Jason shrugged. “Sure.” He began to walk down the hill, giving her space. “Wait,” Aria called. Jason stopped, leaned his hand against a tree, and peered at her.
Aria considered her words. One short week ago, when they were dating, Jason had encouraged her to discuss Ali with him—he said everyone else seemed too uncomfortable to even utter her name in his presence. She brushed her hands on her jeans. “We’ve found out a lot about Ali that we didn’t know,” she finally said. “A lot that’s really painful. I’m sure it’s been hard on you, too.”
Jason kicked his toe into a loose clump of soil. “Yeah.”
“And sometimes you just don’t know what’s going on inside of people,” Aria added, thinking about how Ali had happily pirouetted across the lawn the evening seventh grade ended, seemingly overjoyed to see her best friends. “People always seem so perfect on the surface,” she added. “But . . . it’s not always the case. Everyone hides things.”
Jason’s toe kicked up more dirt.
“But it’s not your fault,” Aria went on. “It’s not any of our faults.”
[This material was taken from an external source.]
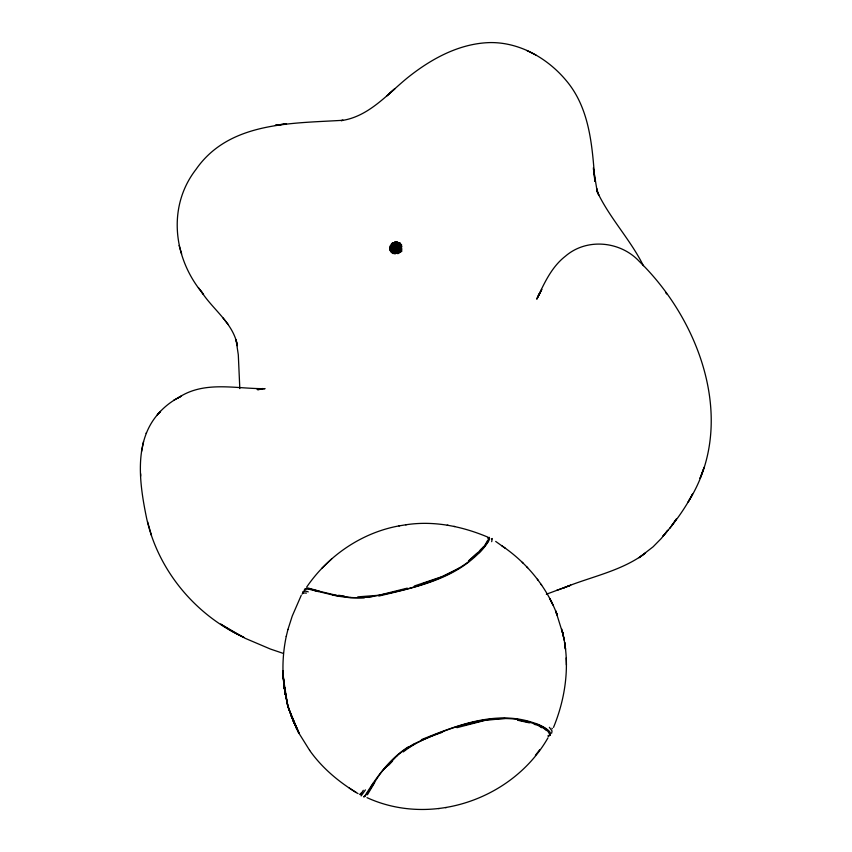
<?xml version="1.0" encoding="UTF-8"?>
<svg xmlns="http://www.w3.org/2000/svg" width="852" height="852" viewBox="0 0 852 852"><rect width="100%" height="100%" fill="white"/><g stroke="black" fill="none" stroke-linecap="round" stroke-linejoin="round"><path stroke-width="1.28" d="M286.283 636.252C280.02 665.678 282.406 697.277 294.941 724.743L291.416 716.021M562.512 632.163L563.353 635.741L562.203 630.991C570.467 662.941 565.984 697.096 553.534 727.363M394.923 241.691L396.755 253.342C409.024 242.319 380.833 247.399 396.755 253.342M173.765 400.206L181.476 396.095C172.179 400.568 163.808 407.011 157.226 414.977L160.495 411.399C132.816 439.483 139.483 483.808 146.714 518.761C158.376 570.755 195.63 615.314 243.906 637.424L232.66 631.641L220.636 624.101L244.993 638.233L270.393 649.043L283.109 653.346M390.088 245.93L394.721 249.742L401.292 251.319C404.487 238.88 382.921 244.78 393.006 253.576M396.244 241.585L396.02 253.406M491.615 538.975L492.222 538.496L491.689 541.68M143.551 441.517L141.528 451.581M397.554 241.723L395.136 253.971M287.891 629.628L292.236 616.071L301.225 595.378M286.24 636.433L287.944 629.426M391.483 243.384L394.125 248.347L399.439 252.799C406.542 242.021 384.082 243.906 393.411 253.278L397.394 248.092L399.993 242.703M391.505 243.928L394.881 242.256L398.715 242.66L394.987 252.33L394.242 253.704L393.411 253.278M546.345 594.238L570.691 585.228L563.396 587.976C590.851 576.602 621.491 571.245 645.55 552.959L639 557.719L653.101 546.803L661.301 538.453L667.851 530.253L662.824 536.355C674.251 523.437 684.507 509.368 692.569 494.096L688.192 501.903C737.768 423.838 700.77 321.47 639.373 261.489C620.522 241.116 586.815 237.729 565.515 256.122C551.5 266.953 544.172 283.375 536.845 298.967L541.734 289.52L536.845 298.967M302.023 594.068L303.44 593.152M550.509 734.658L548.006 736.011M704.221 467.184L700.024 478.451L703.433 469.335M487.536 540.551L484.575 545.834L480.23 550.051M551.638 733.242L552.043 730.963L549.348 727.31M146.097 433.402L146.48 432.582M400.866 244.045L396.872 249.37L392.154 252.906M363.303 790.294L360.652 794.565M365.412 789.889L361.152 795.906L361.472 795.214M487.951 541.648L483.403 547.836M401.697 245.003L397.043 249.551L390.993 252.011C385.913 244.907 398.896 238.911 401.899 246.654C399.119 248.901 392.09 253.843 389.747 249.519C393.187 251.809 398.161 249.977 401.59 248.273M367.404 794.778L374.678 782.573M370.758 787.269L373.634 782.7M540.083 292.694L538.294 295.431L540.456 292.651M361.014 793.106L359.64 794.49M548.017 737.768C513.106 798.995 431.57 827.271 366.999 797.642M669.896 528.24L676.392 519.049L671.642 525.737M408.225 746.927C389.183 759.036 376.094 777.769 364.475 796.609C371.877 788.313 378.224 773.84 387.596 765.511M306.55 587.273C328.02 555.717 361.866 532.479 399.631 525.78M364.081 796.301L363.751 797.003L364.762 796.226M535.397 755.362L539.817 749.579M469.175 560.946L484.884 545.887L487.632 541.723L488.952 537.431L487.855 538.081M383.389 769.846L396.776 756.129M388.31 765.586L392.548 761.092M321.694 568.508L331.641 558.944M477.035 553.267L468.525 560.818M488.271 538.059C494.085 536.078 479.293 554.013 478.153 553.736C451.901 580.074 413.614 587.614 378.81 596.07M473.957 557.197L477.855 553.555M488.473 537.985L489.261 537.346M482.743 547.666L484.884 545.887M469.484 561.042C441.293 582.267 405.414 590.191 371.408 596.762A68.991 28.414 -17.2 0 1 350.215 597.433M403.315 751.911C414.892 742.688 428.673 736.905 442.593 732.219M408.609 747.534L414.945 743.7M178.324 397.767C204.469 380.29 236.11 389.034 265.079 388.65L257.123 389.534L262.672 388.533L258.135 389.843M459.068 568.22L441.464 576.847L414.349 585.995M414.764 743.562C446.757 728.811 482.338 714.785 518.197 719.439M302.577 592.885L306.443 593.098M421.357 739.664C456.683 725.457 496.769 709.471 534.768 723.22C537.548 723.54 557.027 732.528 548.219 735.926M401.707 249.306C397.937 250.541 392.729 251.138 389.609 248.305M441.709 577.038L421.559 584.163M556.58 590.393L563.843 587.816M456.928 727.683L485.076 720.377L505.044 718.417M548.539 736.085L550.019 735.297C545.727 723.295 528.41 722.879 517.995 719.716M407.267 588.146L378.884 595.25L357.744 596.869M401.292 251.319L401.92 251.138M464.052 725.127L485.171 720.057M401.601 250.328L394.646 249.966L389.726 247.091M405.69 524.811C433.604 520.444 462.061 526.27 487.834 537.133M398.938 525.908L406.404 524.683M445.628 807.707L446.214 807.643M438.652 808.623L439.217 808.559M364.326 597.188L371.483 596.56M364.315 597.848L350.257 597.763L337.573 596.155L307.508 588.87L304.515 589.201L304.483 590.873M350.268 597.39L332.472 594.941M400.77 252.224L394.849 249.53L390.695 244.854M307.7 587.944L319.191 591.107M338.606 595.25L344.315 596.134M338.063 595.708L308.115 588.583L305.612 588.636L304.782 590.095M517.515 720.206L529.369 722.858M453.914 526.366L454.776 526.536M447.268 525.141L448.152 525.311M534.087 724.285L540.669 726.01M524.331 720.686L529.88 722.102M308.275 591.884C306.858 591.192 301.502 590.138 302.907 593.141M318.275 591.597L313.781 590.266M537.718 725.329L542.436 727.257L546.483 730.579M538.166 724.764L546.068 729.024M593.482 169.101L594.93 181.433C592.236 146.267 589.914 108.215 565.834 80.12C547.122 57.872 518.932 41.876 489.314 42.6C458.834 43.622 430.91 59.033 407.607 77.702C387.234 94.242 368.703 116.831 341.151 120.633L343.164 120.27C291.565 123.487 229.156 121.538 196.003 169.399C166.747 207.1 173.499 259.338 203.532 294.377L198.42 287.656M535.897 55.029L526.813 50.481M398.715 242.66L399.854 243.257M540.2 726.82L542.021 727.8M309.585 750.293C322.194 768.206 339.352 782.413 358.042 793.617M349.256 788.036L356.243 792.562M495.683 541.425L505.481 548.411M501.817 545.77C526.163 562.256 545.908 585.825 556.569 613.312L555.6 610.809L556.569 613.312M398.715 253.353L394.519 248.049L392.506 242.607M526.887 566.931L527.644 567.709M522.244 562.267L523.064 563.097M222.958 317.86L228.23 324.527M665.636 292.566L666.701 293.972M551.968 728.226L552.362 728.758M397.895 253.758L394.966 247.836L393.645 242.596M201.093 291.182C212.744 309.638 233.437 323.078 237.399 345.688L236.057 339.884L238.304 354.805L239.817 388.587M537.378 579.222L538.091 580.223M541.009 584.28L541.648 585.164M309.681 750.42L299.105 733.476L291.863 717.107L294.941 724.743M643.366 265.686C630.256 239.242 609.159 217.654 596.805 190.827L598.764 195.044L596.592 188.441L597.177 191.519L593.333 167.865M293.887 722.24L298.786 732.699L294.015 722.581M296.326 727.683L299.127 733.295M550.85 600.617L553.225 605.378M296.198 727.501L298.828 732.795L287.784 706.244L284.493 688.682L285.75 695.86L283.78 683.134L282.981 670.812L283.78 683.134L285.793 696.148L283.94 684.124L284.738 690.035L283.929 684.135L284.621 689.385M293.865 722.081L296.592 728.194L291.235 715.52L294.685 724.125M294.217 722.933L296.464 727.959L293.45 721.048L295.75 726.245M294.249 722.816L291.863 717.107M291.49 716.149L294.973 724.637M292.332 718.268L294.196 722.762M562.203 630.991L563.044 634.421L556.09 612.087L556.984 614.441M556.558 613.238L557.357 615.282L557.016 614.409M179.122 245.472L181.646 253.971M147.556 521.733L151.475 535.429M562.703 633.057L561.798 629.096M564.056 639.288L563.066 634.9L564.301 640.512M284.664 688.948L284.77 689.715L283.247 677.202L287.784 706.244L292.311 718.353L287.784 706.244L284.227 686.882M285.132 691.92L285.942 696.808L285.122 691.845M284.408 687.788L285.441 694.231M284.238 686.691L285.335 693.528M565.014 645.55L565.377 648.074L564.557 642.44L565.536 649.288L564.738 643.579M564.557 642.44L565.196 646.796M566.207 657.946L566.41 664.997M140.665 473.776L140.676 476.119M396.723 756.118A70.535 34.325 -17.3 0 1 414.722 743.53M393.422 249.583C397.746 260.03 401.494 241.617 393.422 249.583M394.646 249.966C396.627 254.663 398.31 246.409 394.646 249.966M394.721 88.842L387.042 95.712L394.721 88.842M283.652 124.19L275.388 125.276L286.517 123.817L283.652 124.19M552.384 603.812L549.764 598.53L552.384 603.812"/></g></svg>

And all of a sudden, she really believed that. If Ali really had committed suicide, and if she’d known she was going to do it ahead of time, Aria still might not have been able to do anything to stop her. It broke her heart that she hadn’t sensed it coming, and it sucked that she didn’t know why Ali had done it . . . but maybe she just had to accept it, grieve, and move on.